Page du 13 janvier 2022 jour d'abduction...

Denis Vallier

Dans "Escroc mais pas trop", Woody Allen est un escroc à la petite semaine qui ouvre une mini échoppe de cookies pour camoufler une tentative de cambriolage de banque. Comme c’est un minable accompagné de bras cassés, ils débouchent dans un magasin de vêtements… mais les cookies de sa femme font un malheur et au final, assurent leur réussite… Il n’en reste pas moins persuadé que c’est grâce à lui qu’ils ont fait fortune... Nous nous moquons de ce paumé mais ce créatif de Woody Allen nous présente un miroir… le toquard a-t-il vraiment tort ?

En migrant progressivement du ventre vers la tête pendant des centaines de millions d’années, les cerveaux ont été prévus au départ pour agir, pas pour penser… ça nous a fait pousser des mains. L’école pragmatique américaine très novatrice pour son époque, nous enseigne que penser une chose revient à identifier l'ensemble de ce qu’elle recouvre sur un plan pratique. Seules ses implications donneraient un sens à rebours à la chose pensée. Les idées ne seraient donc que de simples, mais indispensables, outils de la pensée plus ou moins sophistiqués comme ceux qu’utilisent nos mains. S’il avait pu voir le film de Woody Allen, le "pragmatique" Charles Sanders  Peirce (- au sens philosophique) parlerait là en rigolant d’un raisonnement par abduction, c’est-à-dire d’un raisonnement logique faisant appel à l’imagination car il s’appuie sur des éléments incertains et fragiles. C’est un moyen d’expliquer l’inexplicable par des hypothèses parfois farfelues dans la certitude optimiste de trouver la bonne explication sous le sabot d’un cheval. Mais pour Peirce, par rapport à la déduction et à l’induction, cette façon tarabiscotée est la seule permettant de créer réellement du neuf… N’est-ce pas ainsi que procèdent nos chercheurs ?
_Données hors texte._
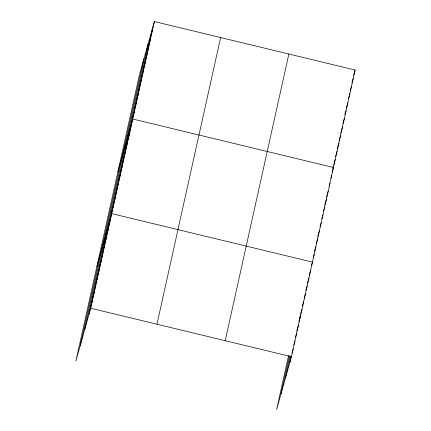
<?xml version="1.0" encoding="UTF-8"?>
<svg xmlns="http://www.w3.org/2000/svg" width="431" height="431" viewBox="0 0 431 431"><rect width="100%" height="100%" fill="white"/><g stroke="black" fill="none" stroke-linecap="round" stroke-linejoin="round"><path stroke-width="0.65" d="M80.236 345.543L143.889 58.864M84.708 329.634L148.361 42.955M89.045 314.194L152.703 27.514M154.379 21.55L139.552 74.299L75.894 360.984L90.72 308.23L154.379 21.55L355.106 70.016L291.448 356.701L276.621 409.45L288.581 355.58M156.959 324.225L220.618 37.545M225.208 340.705L288.867 54.026M280.964 394.009L289.422 355.904M285.435 378.106L290.246 356.421M289.772 362.665L291.232 356.092M299.69 317.986L300.278 315.363M332.894 168.456L333.449 165.957M337.473 147.838L337.198 149.088L338.874 143.119M344.967 114.096L345.522 111.597M349.266 94.728L349.546 93.479M150.898 35.638L152.574 29.674M149.094 43.763L150.769 37.793M147.289 51.882L148.97 45.918M145.489 60.006L147.165 54.042M143.685 68.13L145.36 62.161M141.88 76.249L143.555 70.285M140.075 84.374L141.756 78.41M138.276 92.498L139.951 86.529M136.471 100.617L138.146 94.653M134.666 108.741L136.341 102.777M132.861 116.866L134.537 110.896M117.905 171.775L132.737 119.021L333.465 167.492L332.123 172.26M129.311 132.872L130.986 126.903M127.56 140.754L129.235 134.79M125.809 148.636L127.484 142.672M124.058 156.523L125.733 150.554M122.307 164.405L123.983 158.441M120.556 172.287L122.232 166.323M118.805 180.174L120.481 174.205M117.054 188.056L118.73 182.092M115.303 195.938L116.979 189.974M113.552 203.825L115.228 197.856M111.801 211.707L113.477 205.743M96.9 266.38L111.731 213.625L312.453 262.096L311.451 265.674M108.3 227.476L109.98 221.507M106.549 235.358L108.229 229.394M104.803 243.24L106.479 237.276M103.052 251.128L104.728 245.158M101.301 259.009L102.977 253.045M99.55 266.891L101.226 260.927M97.799 274.779L99.475 268.809M96.048 282.661L97.724 276.697M94.297 290.542L95.973 284.579M92.546 298.43L94.222 292.46M90.796 306.312L92.471 300.348M353.598 75.387L355.106 70.016M351.96 82.914L353.301 78.14M350.155 91.033L351.497 86.265M348.523 98.559L349.697 94.384M346.384 107.879L347.892 102.508M345.08 114.21L346.088 110.632M342.941 123.525L344.283 118.751M340.802 132.84L341.309 131.051M341.643 129.86L342.478 126.876M338.998 140.964L340.679 135M335.56 156.615L337.069 151.243M333.756 164.734L335.264 159.368M330.873 178.353L331.714 175.374M329.122 186.24L329.963 183.256M326.536 197.107L327.037 195.318M327.371 194.122L328.212 191.143M324.785 204.989L326.461 199.025M323.536 211.082L324.71 206.907M321.785 218.97L322.959 214.794M320.034 226.851L321.208 222.676M317.782 236.522L319.457 230.558M316.198 243.811L317.706 238.445M314.447 251.693L315.955 246.327M313.202 257.786L314.204 254.209M309.194 275.344L310.703 269.978M307.443 283.232L308.957 277.86M305.865 290.516L307.206 285.748M304.114 298.403L305.455 293.63M302.363 306.285L303.704 301.511M300.612 314.167L301.953 309.399M298.861 322.054L300.202 317.281M296.776 331.127L298.451 325.163M295.526 337.225L296.7 333.05M293.775 345.107L294.949 340.932M292.024 352.989L293.199 348.814M90.72 308.23L291.448 356.701"/></g></svg>
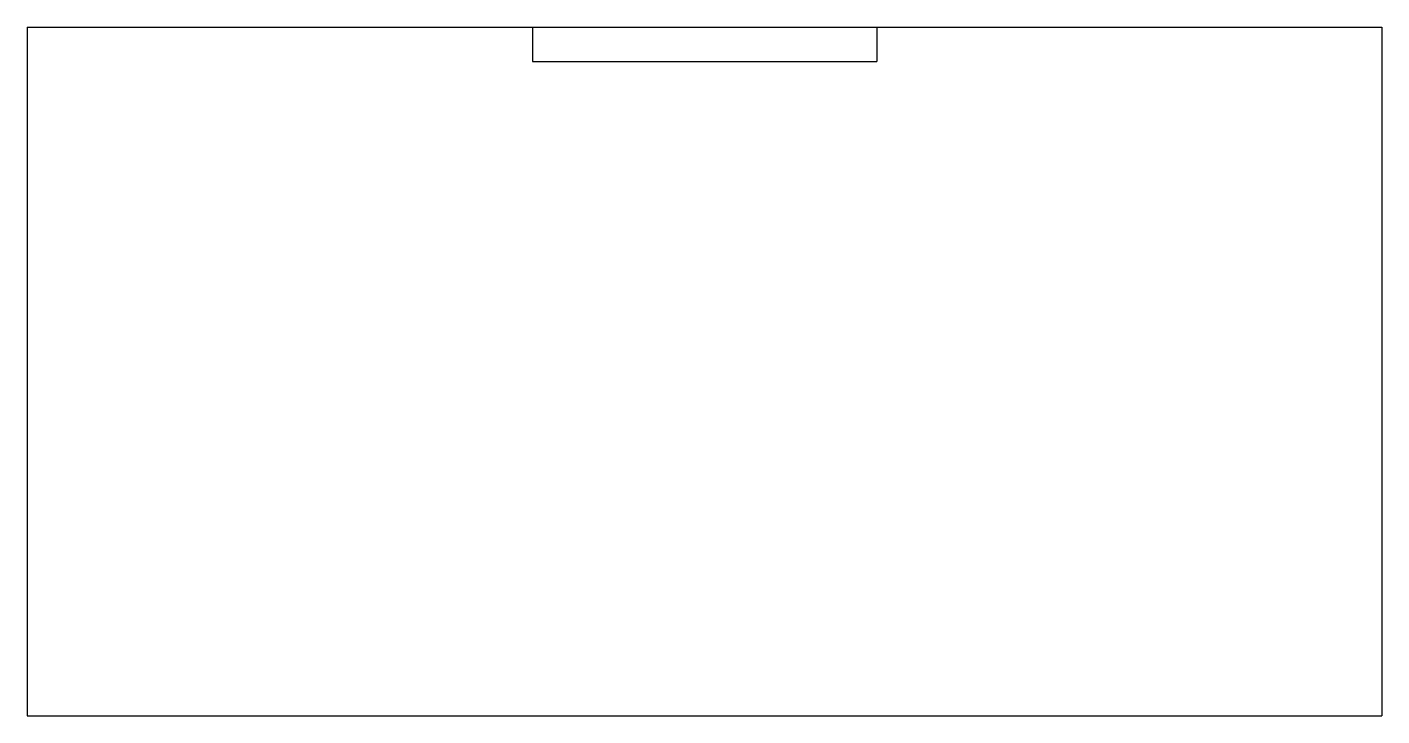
# Model space of a CAD drawing. Extents: x 0.05 to 3.99, y 0.05 to 2.05.
import ezdxf

# ---------------------------------------------------------------- set-up
doc = ezdxf.new("R2010")
doc.units = 0
doc.header["$MEASUREMENT"] = 0
doc.layers.add('MODELSKETCH_VISIBLE', color=7, linetype='CONTINUOUS')

msp = doc.modelspace()

# ---------------------------------------------------------------- linework, layer by layer
at = {"layer": 'MODELSKETCH_VISIBLE'}
for p, q in [((0.0517, 2.0534), (3.9879, 2.0534)), ((0.0517, 2.0534), (3.9879, 2.0534)), ((0.0517, 2.0534), (3.9879, 2.0534)), ((0.0517, 2.0534), (0.0517, 0.0534)), ((1.5202, 2.0534), (1.5202, 1.9534)), ((1.5202, 2.0534), (2.5202, 2.0534)), ((2.5202, 2.0534), (2.5202, 1.9534)), ((3.9879, 2.0534), (3.9879, 0.0534)), ((1.5202, 1.9534), (2.5202, 1.9534)), ((0.0517, 0.0534), (3.9879, 0.0534))]:
    msp.add_line(p, q, dxfattribs=at)

doc.saveas('drawing.dxf')
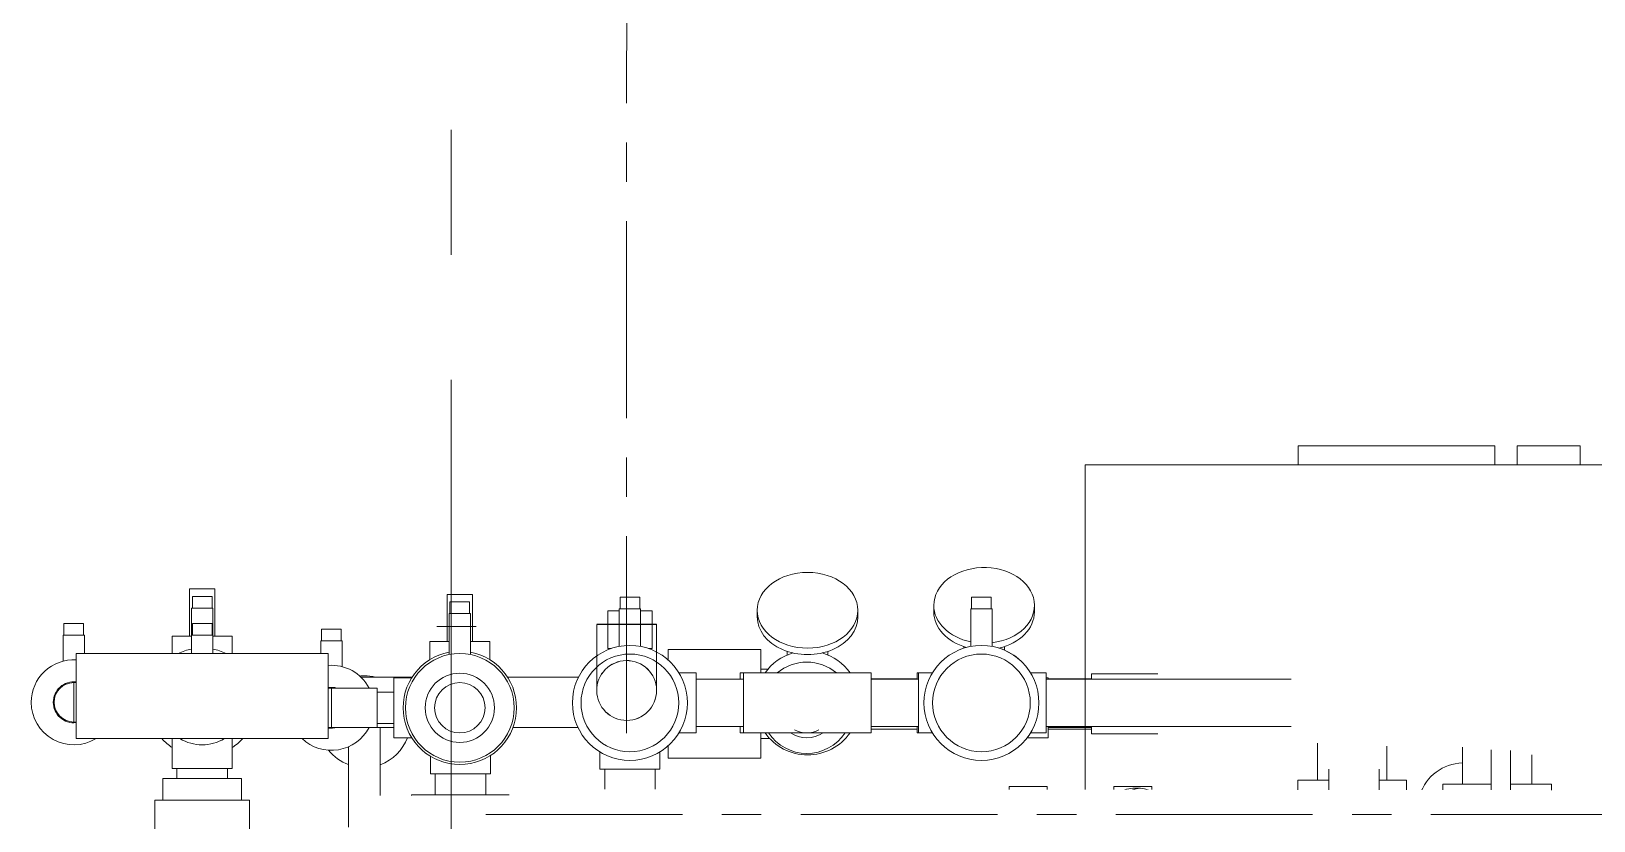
# Model space of a CAD drawing. Header units: millimetres. Extents: x 3795014 to 4300160, y 3869364 to 4016788.
# Drawn here: x 4224417 to 4225409, y 3926752 to 3927254 of the extents above; entities that cross this region are included whole.
import ezdxf

# ---------------------------------------------------------------- set-up
doc = ezdxf.new("R2010")
doc.units = ezdxf.units.MM
doc.set_wipeout_variables(frame=1)
doc.linetypes.add('CENTER', pattern=[2, 1.25, -0.25, 0.25, -0.25])
doc.linetypes.add('осевая2', pattern=[28.575, 19.05, -3.175, 3.175, -3.175])
doc.layers.add('Дополнительная', color=7, linetype='Continuous', lineweight=18)
doc.layers.add('оси', color=7, linetype='осевая2', lineweight=13)

msp = doc.modelspace()

# ---------------------------------------------------------------- linework, layer by layer
at = {"color": 0, "linetype": 'Continuous', "lineweight": 0, "extrusion": (0, 3e-16, -1)}
msp.add_ellipse((4224909.97, 3926886.09, 0), major_axis=(-31.96, 0), ratio=0.752137, dxfattribs=at)
for start_param, end_param in [(0, 4.552938), (-1.302117, 0)]:
    msp.add_ellipse((4225022.06, 3926889.21, 0), major_axis=(-31.96, 0), ratio=0.752137, start_param=start_param, end_param=end_param, dxfattribs=at)
at = {"color": 0, "linetype": 'Continuous', "lineweight": 0}
for centre, major_axis, ratio, start_param, end_param in [((4224909.97, 3926881.96, 0), (-31.96, 0), 0.752137, 0, 3.141593), ((4225022.06, 3926885.08, 0), (-31.96, 0), 0.752137, 0, 1.215084), ((4225022.06, 3926885.08, 0), (31.96, 0), 0.752137, -1.275286, 0), ((4225116.51, 3926741.09, 0), (0, 31.96), 0.659007, 0, 0.509207)]:
    msp.add_ellipse(centre, major_axis=major_axis, ratio=ratio, start_param=start_param, end_param=end_param, dxfattribs=at)
at = {"color": 0, "linetype": 'Continuous', "lineweight": 0, "extrusion": (0, 2e-16, -1)}
msp.add_ellipse((4225121.23, 3926741.09, 0), major_axis=(0, 31.96), ratio=0.659007, start_param=-0.509207, end_param=0.509207, dxfattribs=at)
at = {"layer": 'Дополнительная', "linetype": 'Continuous'}
for p, q in [((4225221.49, 3926978.38, 0), (4225221.49, 3926990.54, 0)), ((4225346.29, 3926990.54, 0), (4225221.49, 3926990.54, 0)), ((4225346.29, 3926990.54, 0), (4225346.29, 3926978.38, 0)), ((4225360.4, 3926990.54, 0), (4225400.4, 3926990.54, 0)), ((4225360.4, 3926990.54, 0), (4225360.4, 3926978.38, 0)), ((4225400.4, 3926990.54, 0), (4225400.4, 3926978.38, 0)), ((4225086.13, 3926768.38, 0), (4225086.13, 3926978.38, 0)), ((4225686.13, 3926978.38, 0), (4225086.13, 3926978.38, 0)), ((4224517.64, 3926899.64, 0), (4224525.64, 3926899.64, 0)), ((4224517.64, 3926869.64, 0), (4224517.64, 3926899.64, 0)), ((4224525.64, 3926899.64, 0), (4224533.64, 3926899.64, 0)), ((4224533.64, 3926869.64, 0), (4224533.64, 3926899.64, 0)), ((4224681.2, 3926896.16, 0), (4224689.2, 3926896.16, 0)), ((4224681.2, 3926866.16, 0), (4224681.2, 3926896.16, 0)), ((4224689.2, 3926896.16, 0), (4224697.2, 3926896.16, 0)), ((4224697.2, 3926866.16, 0), (4224697.2, 3926896.16, 0)), ((4224518.86, 3926887.47, 0), (4224519.4, 3926887.47, 0)), ((4224518.86, 3926870.25, 0), (4224518.86, 3926887.47, 0)), ((4224519.4, 3926894.86, 0), (4224519.4, 3926887.47, 0)), ((4224531.88, 3926894.86, 0), (4224519.4, 3926894.86, 0)), ((4224519.4, 3926887.47, 0), (4224531.88, 3926887.47, 0)), ((4224531.88, 3926887.47, 0), (4224531.88, 3926894.86, 0)), ((4224531.88, 3926887.47, 0), (4224532.42, 3926887.47, 0)), ((4224532.42, 3926870.25, 0), (4224532.42, 3926887.47, 0)), ((4224682.96, 3926891.38, 0), (4224682.96, 3926884, 0)), ((4224695.44, 3926891.38, 0), (4224682.96, 3926891.38, 0)), ((4224695.44, 3926884, 0), (4224695.44, 3926891.38, 0)), ((4224783.06, 3926861.78, 0), (4224783.06, 3926885.83, 0)), ((4224783.06, 3926885.83, 0), (4224790.4, 3926885.83, 0)), ((4224790.4, 3926887.11, 0), (4224790.94, 3926887.11, 0)), ((4224790.4, 3926863.15, 0), (4224790.4, 3926887.11, 0)), ((4224790.94, 3926894.5, 0), (4224790.94, 3926887.11, 0)), ((4224803.41, 3926894.5, 0), (4224790.94, 3926894.5, 0)), ((4224790.94, 3926887.11, 0), (4224803.41, 3926887.11, 0)), ((4224803.41, 3926887.11, 0), (4224803.41, 3926894.5, 0)), ((4224803.41, 3926887.11, 0), (4224803.95, 3926887.11, 0)), ((4224803.95, 3926863.15, 0), (4224803.95, 3926887.11, 0)), ((4224803.95, 3926885.83, 0), (4224811.29, 3926885.83, 0)), ((4224811.29, 3926885.83, 0), (4224811.29, 3926861.78, 0)), ((4224878.01, 3926886.09, 0), (4224878.01, 3926881.96, 0)), ((4224941.93, 3926886.09, 0), (4224941.93, 3926881.96, 0)), ((4224990.11, 3926889.21, 0), (4224990.11, 3926885.08, 0)), ((4225013.58, 3926887.11, 0), (4225014.12, 3926887.11, 0)), ((4225013.58, 3926863.15, 0), (4225013.58, 3926887.11, 0)), ((4225014.12, 3926894.5, 0), (4225014.12, 3926887.11, 0)), ((4225026.6, 3926894.5, 0), (4225014.12, 3926894.5, 0)), ((4225014.12, 3926887.11, 0), (4225026.6, 3926887.11, 0)), ((4225026.6, 3926887.11, 0), (4225026.6, 3926894.5, 0)), ((4225026.6, 3926887.11, 0), (4225027.14, 3926887.11, 0)), ((4225027.14, 3926863.15, 0), (4225027.14, 3926887.11, 0)), ((4225054.02, 3926889.21, 0), (4225054.02, 3926885.08, 0)), ((4224437.88, 3926877.64, 0), (4224437.88, 3926870.25, 0)), ((4224450.35, 3926877.64, 0), (4224437.88, 3926877.64, 0)), ((4224450.35, 3926870.25, 0), (4224450.35, 3926877.64, 0)), ((4224519.4, 3926877.64, 0), (4224519.4, 3926870.25, 0)), ((4224531.88, 3926877.64, 0), (4224519.4, 3926877.64, 0)), ((4224531.88, 3926870.25, 0), (4224531.88, 3926877.64, 0)), ((4224682.42, 3926884, 0), (4224682.96, 3926884, 0)), ((4224682.42, 3926857.99, 0), (4224682.42, 3926884, 0)), ((4224682.96, 3926884, 0), (4224695.44, 3926884, 0)), ((4224695.44, 3926884, 0), (4224695.98, 3926884, 0)), ((4224695.98, 3926857.99, 0), (4224695.98, 3926884, 0)), ((4224437.34, 3926870.25, 0), (4224437.88, 3926870.25, 0)), ((4224437.34, 3926853.77, 0), (4224437.34, 3926870.25, 0)), ((4224437.88, 3926870.25, 0), (4224450.35, 3926870.25, 0)), ((4224450.35, 3926870.25, 0), (4224450.89, 3926870.25, 0)), ((4224450.89, 3926858.64, 0), (4224450.89, 3926870.25, 0)), ((4224506.64, 3926869.64, 0), (4224518.86, 3926869.64, 0)), ((4224506.64, 3926858.64, 0), (4224506.64, 3926869.64, 0)), ((4224518.86, 3926870.25, 0), (4224519.4, 3926870.25, 0)), ((4224518.86, 3926858.64, 0), (4224518.86, 3926870.25, 0)), ((4224519.4, 3926870.25, 0), (4224531.88, 3926870.25, 0)), ((4224531.88, 3926870.25, 0), (4224532.42, 3926870.25, 0)), ((4224532.42, 3926858.64, 0), (4224532.42, 3926870.25, 0)), ((4224532.42, 3926869.64, 0), (4224544.64, 3926869.64, 0)), ((4224544.64, 3926858.64, 0), (4224544.64, 3926869.64, 0)), ((4224600.9, 3926866.78, 0), (4224601.44, 3926866.78, 0)), ((4224600.9, 3926858.64, 0), (4224600.9, 3926866.78, 0)), ((4224601.44, 3926874.16, 0), (4224601.44, 3926866.78, 0)), ((4224613.91, 3926874.16, 0), (4224601.44, 3926874.16, 0)), ((4224601.44, 3926866.78, 0), (4224613.91, 3926866.78, 0)), ((4224613.91, 3926866.78, 0), (4224613.91, 3926874.16, 0)), ((4224613.91, 3926866.78, 0), (4224614.45, 3926866.78, 0)), ((4224614.45, 3926850.3, 0), (4224614.45, 3926866.78, 0)), ((4224670.2, 3926866.16, 0), (4224682.42, 3926866.16, 0)), ((4224670.2, 3926854.74, 0), (4224670.2, 3926866.16, 0)), ((4224695.98, 3926866.16, 0), (4224708.2, 3926866.16, 0)), ((4224708.2, 3926854.74, 0), (4224708.2, 3926866.16, 0)), ((4224605.63, 3926858.64, 0), (4224445.63, 3926858.64, 0)), ((4224445.63, 3926858.64, 0), (4224445.63, 3926804.64, 0)), ((4224605.63, 3926858.64, 0), (4224605.63, 3926804.64, 0)), ((4224785.26, 3926861.78, 0), (4224783.06, 3926861.78, 0)), ((4224811.29, 3926861.78, 0), (4224809.09, 3926861.78, 0)), ((4224821.52, 3926854.48, 0), (4224821.52, 3926861.14, 0)), ((4224821.52, 3926861.14, 0), (4224880.27, 3926861.14, 0)), ((4224880.27, 3926861.14, 0), (4224880.27, 3926846.28, 0)), ((4224897.07, 3926859.97, 0), (4224897.07, 3926857.68, 0)), ((4224922.87, 3926859.97, 0), (4224922.87, 3926857.68, 0)), ((4225009.16, 3926863.09, 0), (4225009.16, 3926862.02, 0)), ((4225034.96, 3926863.09, 0), (4225034.96, 3926860.8, 0)), ((4224828.34, 3926846.28, 0), (4224839.17, 3926846.28, 0)), ((4224839.17, 3926846.28, 0), (4224839.17, 3926808.28, 0)), ((4224867.27, 3926842.28, 0), (4224867.27, 3926846.28, 0)), ((4224867.27, 3926846.28, 0), (4224869.27, 3926846.28, 0)), ((4224869.27, 3926808.28, 0), (4224869.27, 3926846.28, 0)), ((4224950.27, 3926846.28, 0), (4224869.27, 3926846.28, 0)), ((4224880.27, 3926848.64, 0), (4224884.79, 3926848.64, 0)), ((4224950.27, 3926846.28, 0), (4224950.27, 3926808.28, 0)), ((4224979.59, 3926842.28, 0), (4224979.59, 3926846.28, 0)), ((4224979.59, 3926846.28, 0), (4224980.36, 3926846.28, 0)), ((4224980.36, 3926808.28, 0), (4224980.36, 3926846.28, 0)), ((4224989.19, 3926846.28, 0), (4224980.36, 3926846.28, 0)), ((4225061.36, 3926846.28, 0), (4225051.52, 3926846.28, 0)), ((4225061.36, 3926846.28, 0), (4225061.36, 3926808.28, 0)), ((4225090.25, 3926842.28, 0), (4225090.25, 3926845.64, 0)), ((4225132.25, 3926845.64, 0), (4225090.25, 3926845.64, 0)), ((4224444.12, 3926815.14, 0), (4224444.12, 3926840.14, 0)), ((4224445.63, 3926840.14, 0), (4224444.12, 3926840.14, 0)), ((4224607.68, 3926811.66, 0), (4224607.68, 3926836.66, 0)), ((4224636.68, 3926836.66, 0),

Bon, je ne sais trop… mais cela signifie pour le moins qu’il existe des modes de formalisations qui possèdent les possibilités d’un dépassement des limites de leur formalisme : c’est le doigt qui montre la lune quand l’obsédé regarde les fesses. Une idée préconçue nous laisse croire que la Science résorbe notre imagination et nos représentations en leur substituant la rigueur d’une connaissance qui va au-delà des apparences. En réalité, quand elle découvre, elle est éminemment créative, poétique et joyeuse : elle invente, elle fait du jamais vu de trente-six manières différentes. Elle est alors très proche de l’art subtil d’un Sherlock Holmes qui ose audacieusement des rapprochements insolites ou de celui du chasseur qui piste son gibier grâce à d’infimes indices invisibles au commun.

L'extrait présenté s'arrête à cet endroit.